Seattle Times staff reporter

In a decision that came as good news for Spokane parishes, U.S. District Judge Justin Quackenbush on Thursday reversed an earlier judge's ruling that the Spokane Diocese owns individual parish properties and thus could sell them to cover settlements for abuse victims.

Quackenbush said that while the Spokane bishop held the deeds to individual parishes, the parishioners paid for the properties and, therefore, the bishop was only holding the properties in trust, attorneys said.

Quackenbush said U.S. Bankruptcy Court Judge Patricia Williams erred in her decision in August that the properties were not held in trust. Quackenbush turned the final decision of who owns the parish property back to Williams.

"The practical result of the decision today was that parishes own their own properties," and therefore the diocese cannot sell them to cover payments, said Shaun Cross, attorney for the diocese. "It was kind of a tour de force decision."

For months, the Spokane Diocese has been in turmoil, with some parishioners anguished over the prospect of losing their churches and schools, and abuse victims feeling as if they were being cast as villains who didn't care about the parishes. Ford Elsaesser, an attorney for an association of Spokane parishes, said he was pleasantly surprised by Quackenbush's ruling. "We think he made the right decision."

Mark Mains of Edmonds, an abuse victim, said, "I'm just sad. Not necessarily because they win this one or we win this one ... . I just wish we were closer to the end."

James Stang, an attorney for the victims, said he came away with the impression that Quackenbush would instruct Williams to conduct a trial on the issue of who owns the property. Stang's position is that money used by parishioners to purchase property was a gift, not payments toward ownership.

Parishioners were especially fearful of losing their churches and schools after the diocese announced a $45.7 million settlement proposal with 75 abuse victims. That proposal was rejected by Williams last month.

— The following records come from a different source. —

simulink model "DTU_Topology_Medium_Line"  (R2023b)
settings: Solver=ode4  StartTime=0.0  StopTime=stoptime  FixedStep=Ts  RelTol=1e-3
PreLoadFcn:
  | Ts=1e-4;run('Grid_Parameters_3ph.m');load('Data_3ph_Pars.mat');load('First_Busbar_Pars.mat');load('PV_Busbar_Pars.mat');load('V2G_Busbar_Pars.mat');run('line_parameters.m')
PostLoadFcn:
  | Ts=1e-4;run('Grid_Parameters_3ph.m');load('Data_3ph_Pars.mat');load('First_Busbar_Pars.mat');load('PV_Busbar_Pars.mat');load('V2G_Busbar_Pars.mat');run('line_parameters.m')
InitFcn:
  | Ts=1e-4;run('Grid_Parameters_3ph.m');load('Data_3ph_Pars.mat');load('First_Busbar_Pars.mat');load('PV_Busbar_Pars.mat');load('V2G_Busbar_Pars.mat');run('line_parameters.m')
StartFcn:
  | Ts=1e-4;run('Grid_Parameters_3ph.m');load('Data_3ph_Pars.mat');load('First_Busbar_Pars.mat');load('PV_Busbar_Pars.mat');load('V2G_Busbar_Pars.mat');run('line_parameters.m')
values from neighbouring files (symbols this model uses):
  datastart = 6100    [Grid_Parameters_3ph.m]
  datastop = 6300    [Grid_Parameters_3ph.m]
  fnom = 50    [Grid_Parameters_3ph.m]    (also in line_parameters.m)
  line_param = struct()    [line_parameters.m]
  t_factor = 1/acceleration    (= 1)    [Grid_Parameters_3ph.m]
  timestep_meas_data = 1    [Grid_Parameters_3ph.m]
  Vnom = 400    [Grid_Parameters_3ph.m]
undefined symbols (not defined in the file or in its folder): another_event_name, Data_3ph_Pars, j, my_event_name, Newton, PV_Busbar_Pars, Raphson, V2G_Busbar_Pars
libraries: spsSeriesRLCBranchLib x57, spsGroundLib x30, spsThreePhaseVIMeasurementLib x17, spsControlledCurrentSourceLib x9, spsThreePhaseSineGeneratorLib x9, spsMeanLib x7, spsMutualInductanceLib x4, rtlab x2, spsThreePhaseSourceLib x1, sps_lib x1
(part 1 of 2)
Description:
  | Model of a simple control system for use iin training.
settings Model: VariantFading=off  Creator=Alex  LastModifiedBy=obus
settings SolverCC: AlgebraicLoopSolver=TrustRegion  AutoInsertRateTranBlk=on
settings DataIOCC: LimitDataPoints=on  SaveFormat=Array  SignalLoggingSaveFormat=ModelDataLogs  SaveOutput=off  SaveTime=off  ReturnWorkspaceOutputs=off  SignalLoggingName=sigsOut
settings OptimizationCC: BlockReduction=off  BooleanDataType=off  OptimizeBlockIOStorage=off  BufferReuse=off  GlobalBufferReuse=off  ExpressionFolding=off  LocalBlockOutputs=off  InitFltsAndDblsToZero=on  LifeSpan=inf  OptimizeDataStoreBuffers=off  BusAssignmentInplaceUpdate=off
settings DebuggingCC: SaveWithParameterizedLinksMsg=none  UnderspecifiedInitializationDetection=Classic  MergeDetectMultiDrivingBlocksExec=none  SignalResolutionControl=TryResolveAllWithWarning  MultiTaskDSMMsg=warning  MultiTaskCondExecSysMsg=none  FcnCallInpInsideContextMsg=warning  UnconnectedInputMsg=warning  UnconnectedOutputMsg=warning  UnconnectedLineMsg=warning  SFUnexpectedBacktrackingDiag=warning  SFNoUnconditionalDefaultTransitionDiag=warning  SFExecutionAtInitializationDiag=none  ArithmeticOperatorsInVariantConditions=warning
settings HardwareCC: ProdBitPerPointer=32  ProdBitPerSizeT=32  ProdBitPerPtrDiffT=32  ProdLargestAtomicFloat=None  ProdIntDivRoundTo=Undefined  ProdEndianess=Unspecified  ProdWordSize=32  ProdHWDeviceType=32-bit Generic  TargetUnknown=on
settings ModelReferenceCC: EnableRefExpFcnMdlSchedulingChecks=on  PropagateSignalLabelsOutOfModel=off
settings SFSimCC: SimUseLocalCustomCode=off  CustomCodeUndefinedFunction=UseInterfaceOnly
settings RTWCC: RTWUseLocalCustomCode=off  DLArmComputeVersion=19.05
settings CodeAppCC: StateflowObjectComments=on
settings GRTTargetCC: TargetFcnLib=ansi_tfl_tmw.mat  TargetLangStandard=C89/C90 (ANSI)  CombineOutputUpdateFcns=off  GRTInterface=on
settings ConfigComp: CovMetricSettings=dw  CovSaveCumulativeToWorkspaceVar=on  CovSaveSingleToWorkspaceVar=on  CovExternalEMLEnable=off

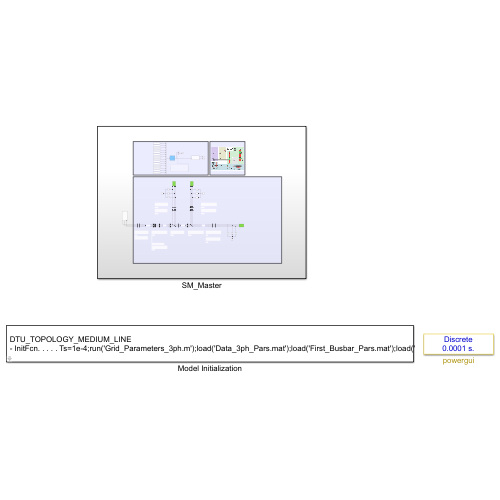
[thumbnail: Simulink's stored preview of the top-level diagram]
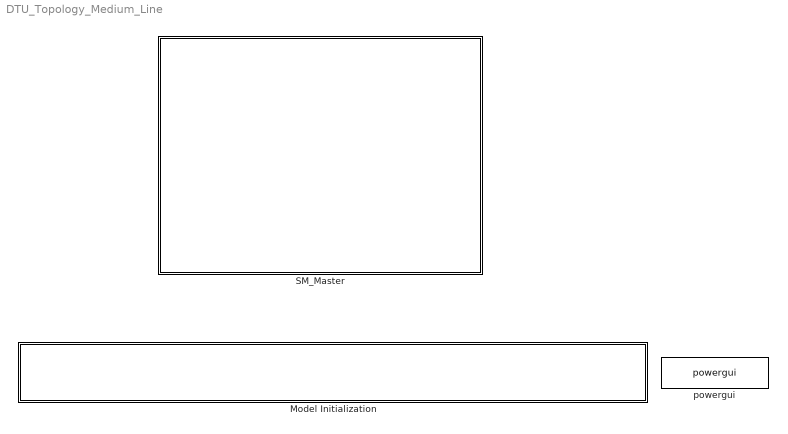
== system DTU_Topology_Medium_Line ==
  Model Initialization : Subsystem  mask(Model Functions){InitFcnX=Ts=1e-4;run('Grid_Parameters_3ph.m');load('Data_3ph_Pars.mat');load('First_Busbar_Pars.mat');load('PV_Busbar_Pars.mat');load('V2G_Busbar_Pars.mat');run('line_parameters.m'), prel=on, posl=on, inif=on, strf=on}
      mask prompts: InitFcnX "Initialisation"; prel "Preload Function"; posl "PostLoad Function"; inif "InitFcn"; strf "StartFcn"
      mask init:
      | currentBlock = gcb;
      | root = bdroot(currentBlock);
      | 
      | if ~strcmp(get_param(root,'BlockDiagramType'),'library')
      |     if prel==1
      |         set_param(root, 'PreLoadFcn', InitFcnX);
      |     else
      |         set_param(root, 'PreLoadFcn', '');
      |     end
      |     if inif==1
      |         set_param(root, 'InitFcn', InitFcnX);
      |     else
      |         set_param(root, 'InitFcn', '');
      |     end
      |     if strf==1
      |         set_param(root, 'StartFcn', InitFcnX);
      |     else
      |         set_param(root, 'StartFcn', '');
      |     end
      |     if posl==1
      |         set_param(root, 'PostLoadFcn', InitFcnX);
      |     else
      |         set_param(root, 'PostLoadFcn', '');
      |     end
      | end
      | 
      | pos = get_param(currentBlock, 'Position');
      | width = pos(3) - pos(1); height = pos(4) - pos(2);
      | txt = [ upper(root) '\n' '- InitFcn. . . . . '  get_param(root, 'InitFcn') ];
      settings: CopyFcn=set_param(gcb,'LinkStatus','none')
      mask Display: text(5, height*0.5, txt, 'horizontalAlignment', 'left', 'verticalAlignment', 'middle') ;
  SM_Master : Subsystem
  powergui : sps_lib/powergui  Priority=2  SimulationMode=Discrete  SampleTime=Ts  frequency=60  Iterations=50  frequencyindice=50  Pbase=100e6  ErrMax=1e-4  UnitsV=V  UnitsW=kW  buscounter=0  FunctionMessages=off  echomessages=off  EnableUseOfTLC=off  CurrentSourceSwitches=off  DisableSnubberDevices=off  DisableRonSwitches=off  DisableVfSwitches=off  DisplayEquations=off  AutomaticDiscreteSolvers=off  SolverType=Tustin  Interpol=off  ExternalGateDelay=off  methode=off  Ts=0  x0status=steady  SPID=off  SwTol=0  HookPort=off  NonlinearTolerance=0  nMaxIteration=15  ContinueOnMaxIteration=off  RestoreLinks=warning  ResistiveCurrentMeasurement=off  Frange=logspace(0,3,50)  Ylog=off  Xlog=off  ShowGrid=off  save=off  variable=ZData  structure=0  ZoomFFT=on  StartTime=0.0  cycles=1  DisplayStyle=1  fundamental=60  FreqAxis=off  MaxFrequency=1000  frequencyindicesteady=1  RmsSteady=2  display=off

== system DTU_Topology_Medium_Line/Model Initialization ==

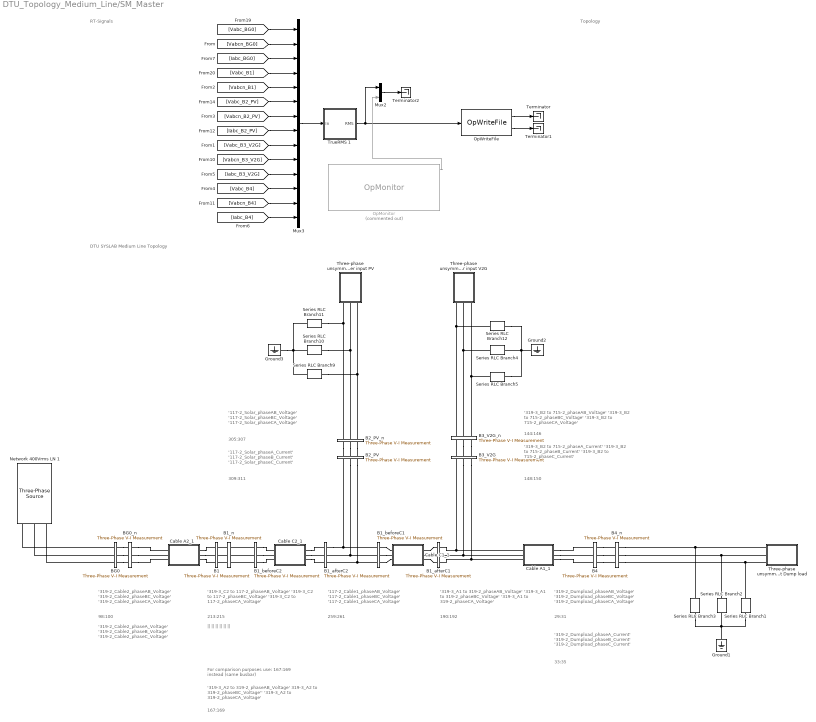
== system DTU_Topology_Medium_Line/SM_Master ==
  note: RT-Signals
  note: Topology
  note: DTU SYSLAB Medium Line Topology
  note: '319-3_C2 to 117-2_phaseAB_Voltage'
      | '319-3_C2 to 117-2_phaseBC_Voltage'
      | '319-3_C2 to 117-2_phaseCA_Voltage'
  note: '319-2_Dumpload_phaseAB_Voltage'
      | '319-2_Dumpload_phaseBC_Voltage'
      | '319-2_Dumpload_phaseCA_Voltage'
  note: '117-2_Cable1_phaseAB_Voltage'
      | '117-2_Cable1_phaseBC_Voltage'
      | '117-2_Cable1_phaseCA_Voltage'
  note: '319-2_Cable2_phaseAB_Voltage'
      | '319-2_Cable2_phaseBC_Voltage'
      | '319-2_Cable2_phaseCA_Voltage'
  note: '319-3_A1 to 319-2_phaseAB_Voltage'
      | '319-3_A1 to 319-2_phaseBC_Voltage'
      | '319-3_A1 to 319-2_phaseCA_Voltage'
  note: 98:100
  note: 213:215
  note: 259:261
  note: 190:192
  note: 29:31
  note: '319-3_B2 to 715-2_phaseA_Current'
      | '319-3_B2 to 715-2_phaseB_Current'
      | '319-3_B2 to 715-2_phaseC_Current'
  note: 148:150
  note: '117-2_Solar_phaseA_Current'
      | '117-2_Solar_phaseB_Current'
      | '117-2_Solar_phaseC_Current'
  note: 309:311
  note: '319-2_Dumpload_phaseA_Current'
      | '319-2_Dumpload_phaseB_Current'
      | '319-2_Dumpload_phaseC_Current'
  note: 33:35
  note: '117-2_Solar_phaseAB_Voltage'
      | '117-2_Solar_phaseBC_Voltage'
      | '117-2_Solar_phaseCA_Voltage'
  note: '319-3_B2 to 715-2_phaseAB_Voltage'
      | '319-3_B2 to 715-2_phaseBC_Voltage'
      | '319-3_B2 to 715-2_phaseCA_Voltage'
  note: 305:307
  note: 144:146
  note: 167:169
  note: '319-3_A2 to 319-2_phaseAB_Voltage'
      | 319-3_A2 to 319-2_phaseBC_Voltage''
      | '319-3_A2 to 319-2_phaseCA_Voltage'
  note: For comparison purposes use:
      | 167:169 instead (same busbar)
  note: ||
      | ||
      | ||
      | ||
      | ||
      | ||
  note: '319-2_Cable2_phaseA_Voltage'
      | '319-2_Cable2_phaseB_Voltage'
      | '319-2_Cable2_phaseC_Voltage'
  B1 : spsThreePhaseVIMeasurementLib/Three-Phase V-I Measurement  VoltageMeasurement=phase-to-phase  SetLabelV=on  LabelV=Vabc_B1  Vpu=off  VpuLL=off  CurrentMeasurement=no  SetLabelI=on  LabelI=Iabc_G2  Ipu=on  Pbase=900e6  Vbase=400  OutputType=Complex  PhasorSimulation=off  PSBequivalent=0
  B1_afterC1 : spsThreePhaseVIMeasurementLib/Three-Phase V-I Measurement  VoltageMeasurement=phase-to-ground  SetLabelV=on  LabelV=Vabcn_afterC1  Vpu=off  VpuLL=off  CurrentMeasurement=yes  SetLabelI=on  LabelI=Iabc_afterC1  Ipu=off  Pbase=900e6  Vbase=400  OutputType=Complex  PhasorSimulation=off  PSBequivalent=0
  B1_afterC2 : spsThreePhaseVIMeasurementLib/Three-Phase V-I Measurement  VoltageMeasurement=phase-to-ground  SetLabelV=on  LabelV=Vabcn_afterC2  Vpu=off  VpuLL=off  CurrentMeasurement=yes  SetLabelI=on  LabelI=Iabc_afterC2  Ipu=off  Pbase=900e6  Vbase=400  OutputType=Complex  PhasorSimulation=off  PSBequivalent=0
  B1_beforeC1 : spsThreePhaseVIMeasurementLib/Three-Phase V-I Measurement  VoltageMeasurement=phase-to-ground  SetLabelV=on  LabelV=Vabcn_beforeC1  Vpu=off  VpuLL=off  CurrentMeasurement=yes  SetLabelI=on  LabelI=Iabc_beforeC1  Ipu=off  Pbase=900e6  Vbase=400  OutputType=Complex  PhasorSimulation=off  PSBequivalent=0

She said it would be unfair to specify an amount for those 75 victims but not for others who haven't filed lawsuits or come forward.

All sides are scheduled to start mediation talks July 7 in Reno, Nev. Cross said the decision means people who thought that parish property "was a blank check to be drawn on during mediation — I think this decision disrupts that quite a bit."

Spokane Bishop William Skylstad thinks the $45.7 million settlement proposal for that group of victims is reasonable, Cross added.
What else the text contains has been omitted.